EXERCISE: Below are some records. Pull every line that contains the word "styles".

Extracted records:
----------------

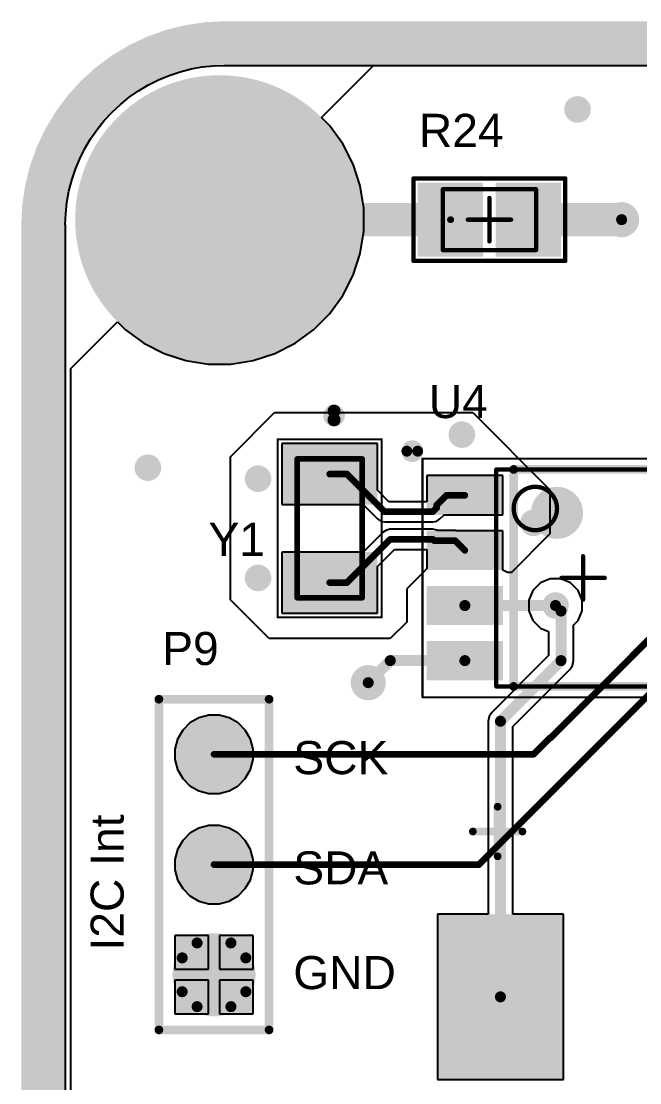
# Model space of a CAD drawing. Header units: millimetres. Extents: x -0.02 to 3.95, y -0.02 to 3.95.
# Drawn here: x -0.02 to 0.542, y 2.992 to 3.955 of the extents above; entities that cross this region are included whole.
import ezdxf

# ---------------------------------------------------------------- set-up
doc = ezdxf.new("R2010")
doc.units = ezdxf.units.MM
doc.header["$MEASUREMENT"] = 0
for name, color, linetype in [('BottomLayer', 5, 'Continuous'), ('BottomOverlay', 54, 'Continuous'), ('BottomPaste', 16, 'Continuous'), ('BottomSolder', 6, 'Continuous'), ('InternalPlane1', 76, 'Continuous'), ('InternalPlane2', 16, 'Continuous'), ('Mechanical13', 56, 'Continuous'), ('Mechanical15', 56, 'Continuous'), ('MultiLayer', 9, 'Continuous'), ('PadHoleLayer', 156, 'Continuous'), ('TopLayer', 1, 'Continuous'), ('TopOverlay', 2, 'Continuous'), ('TopPaste', 8, 'Continuous'), ('TopSolder', 216, 'Continuous'), ('ViaHoleLayer', 16, 'Continuous')]:
    doc.layers.add(name, color=color, linetype=linetype)
doc.styles.add('Arial', font='', dxfattribs={"height": 0.2})
doc.styles.get('Arial').set_extended_font_data('Arial')

# ---------------------------------------------------------------- blocks, each defined once
blk = doc.blocks.new('6_0805_N_44')
at = {"layer": 'TopLayer'}
for points in [[(-0.05905505, -0.02755895), (-0.05905505, 0.02755915), (-0.01181095, 0.02755915), (-0.01181095, -0.02755895)], [(0.01181105, -0.02755895), (0.01181105, 0.02755915), (0.05905515, 0.02755915), (0.05905515, -0.02755895)]]:
    blk.add_hatch(color=1, dxfattribs=at).paths.add_polyline_path(points)
at = {"layer": 'TopPaste'}
for points in [[(-0.05905505, -0.02755895), (-0.05905505, 0.02755915), (-0.01181095, 0.02755915), (-0.01181095, -0.02755895)], [(0.01181105, -0.02755895), (0.01181105, 0.02755915), (0.05905515, 0.02755915), (0.05905515, -0.02755895)]]:
    blk.add_hatch(color=8, dxfattribs=at).paths.add_polyline_path(points)
at = {"layer": 'TopSolder'}
for points in [[(-0.06505505, -0.03355895), (-0.06505505, 0.03355915), (-0.00581095, 0.03355915), (-0.00581095, -0.03355895)], [(0.00581105, -0.03355895), (0.00581105, 0.03355915), (0.06505515, 0.03355915), (0.06505515, -0.03355895)]]:
    blk.add_hatch(color=216, dxfattribs=at).paths.add_polyline_path(points)
at = {"layer": 'Mechanical13', "const_width": 0.003937}
for points in [[(-0.0423228, 0.0275592), (-0.0423228, -0.0275589)], [(0.0423229, 0.0275592), (-0.0423228, 0.0275592)], [(0.0423229, 0.0275592), (0.0423229, -0.0275589)], [(0.0423229, -0.0275589), (-0.0423228, -0.0275589)]]:
    blk.add_lwpolyline(points, dxfattribs=at)
at = {"layer": 'Mechanical13', "const_width": 0.0019685}
for points in [[(-0.043307, 0.0275592, 1), (-0.0413386, 0.0275592, 1)], [(-0.043307, 0.0275592, 1), (-0.0413386, 0.0275592, 1)], [(0.0413387, 0.0275592, 1), (0.0433071, 0.0275592, 1)], [(0.0413387, 0.0275592, 1), (0.0433071, 0.0275592, 1)], [(-0.043307, -0.0275589, 1), (-0.0413386, -0.0275589, 1)], [(-0.043307, -0.0275589, 1), (-0.0413386, -0.0275589, 1)], [(0.0413387, -0.0275589, 1), (0.0433071, -0.0275589, 1)], [(0.0413387, -0.0275589, 1), (0.0433071, -0.0275589, 1)]]:
    blk.add_lwpolyline(points, format="xyb", close=True, dxfattribs=at)
at = {"layer": 'Mechanical15', "const_width": 0.003937}
for points in [[(-0.0688976, 0.0374017), (-0.0688976, -0.0374014)], [(0.0688977, 0.0374017), (-0.0688976, 0.0374017)], [(0.0688977, 0.0374017), (0.0688977, -0.0374014)], [(1e-07, 0.0196852), (1e-07, -0.0196849)], [(0.0196851, 1e-07), (-0.019685, 1e-07)], [(0.0688977, -0.0374014), (-0.0688976, -0.0374014)]]:
    blk.add_lwpolyline(points, dxfattribs=at)
at = {"layer": 'Mechanical15', "const_width": 0.0019685}
for points in [[(-0.0698818, 0.0374017, 1), (-0.0679134, 0.0374017, 1)], [(-0.0698818, 0.0374017, 1), (-0.0679134, 0.0374017, 1)], [(0.0679135, 0.0374017, 1), (0.0698819, 0.0374017, 1)], [(0.0679135, 0.0374017, 1), (0.0698819, 0.0374017, 1)], [(-0.0009841, 0.0196852, 1), (0.0009843, 0.0196852, 1)], [(-0.0206692, 1e-07, 1), (-0.0187008, 1e-07, 1)], [(0.0187009, 1e-07, 1), (0.0206693, 1e-07, 1)], [(-0.0009841, -0.0196849, 1), (0.0009843, -0.0196849, 1)], [(-0.0698818, -0.0374014, 1), (-0.0679134, -0.0374014, 1)], [(-0.0698818, -0.0374014, 1), (-0.0679134, -0.0374014, 1)], [(0.0679135, -0.0374014, 1), (0.0698819, -0.0374014, 1)], [(0.0679135, -0.0374014, 1), (0.0698819, -0.0374014, 1)]]:
    blk.add_lwpolyline(points, format="xyb", close=True, dxfattribs=at)
blk = doc.blocks.new('SMTU2032_LF_B_52')
at = {"layer": 'BottomLayer'}
blk.add_hatch(color=5, dxfattribs=at).paths.add_polyline_path([(1.1062992, 0.06889765), (1.2086614, 0.06889765), (1.2086614, -0.06889765), (1.1062992, -0.06889765)])
at = {"layer": 'BottomPaste'}
blk.add_hatch(color=16, dxfattribs=at).paths.add_polyline_path([(1.1062992, 0.06889765), (1.2086614, 0.06889765), (1.2086614, -0.06889765), (1.1062992, -0.06889765)])
at = {"layer": 'BottomSolder'}
blk.add_hatch(color=6, dxfattribs=at).paths.add_polyline_path([(1.1002992, 0.07489765), (1.2146614, 0.07489765), (1.2146614, -0.07489765), (1.1002992, -0.07489765)])
at = {"layer": 'BottomOverlay', "const_width": 0.007}
for points in [[(1.16, -0.1275), (1.16, -0.1725)], [(1.1825, -0.15), (1.1375, -0.15)]]:
    blk.add_lwpolyline(points, dxfattribs=at)
at = {"layer": 'BottomOverlay', "const_width": 0.0035}
for points in [[(1.15825, -0.1275, 1), (1.16175, -0.1275, 1)], [(1.13575, -0.15, 1), (1.13925, -0.15, 1)], [(1.18075, -0.15, 1), (1.18425, -0.15, 1)], [(1.15825, -0.1725, 1), (1.16175, -0.1725, 1)]]:
    blk.add_lwpolyline(points, format="xyb", close=True, dxfattribs=at)
blk = doc.blocks.new('XTAL_ECS__327_9_34R_TR_59')
at = {"layer": 'TopLayer'}
for points in [[(-0.02755904999999999, -0.03740155), (-0.07086615, -0.03740155), (-0.07086615, 0.03740155), (-0.02755905000000001, 0.03740155)], [(0.07086615, -0.03740155), (0.02755905000000001, -0.03740155), (0.02755904999999999, 0.03740155), (0.07086615, 0.03740155)]]:
    blk.add_hatch(color=1, dxfattribs=at).paths.add_polyline_path(points)
at = {"layer": 'TopPaste'}
for points in [[(-0.02755904999999999, -0.03740155), (-0.07086615, -0.03740155), (-0.07086615, 0.03740155), (-0.02755905000000001, 0.03740155)], [(0.07086615, -0.03740155), (0.02755905000000001, -0.03740155), (0.02755904999999999, 0.03740155), (0.07086615, 0.03740155)]]:
    blk.add_hatch(color=8, dxfattribs=at).paths.add_polyline_path(points)
at = {"layer": 'TopSolder'}
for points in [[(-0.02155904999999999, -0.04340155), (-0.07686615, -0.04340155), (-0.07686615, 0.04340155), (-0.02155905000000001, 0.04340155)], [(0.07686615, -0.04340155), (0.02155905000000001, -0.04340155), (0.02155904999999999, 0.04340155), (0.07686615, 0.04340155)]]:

----------------

OUTPUT OF THE EXERCISE:
doc.styles.add('Arial', font='', dxfattribs={"height": 0.2})
doc.styles.get('Arial').set_extended_font_data('Arial')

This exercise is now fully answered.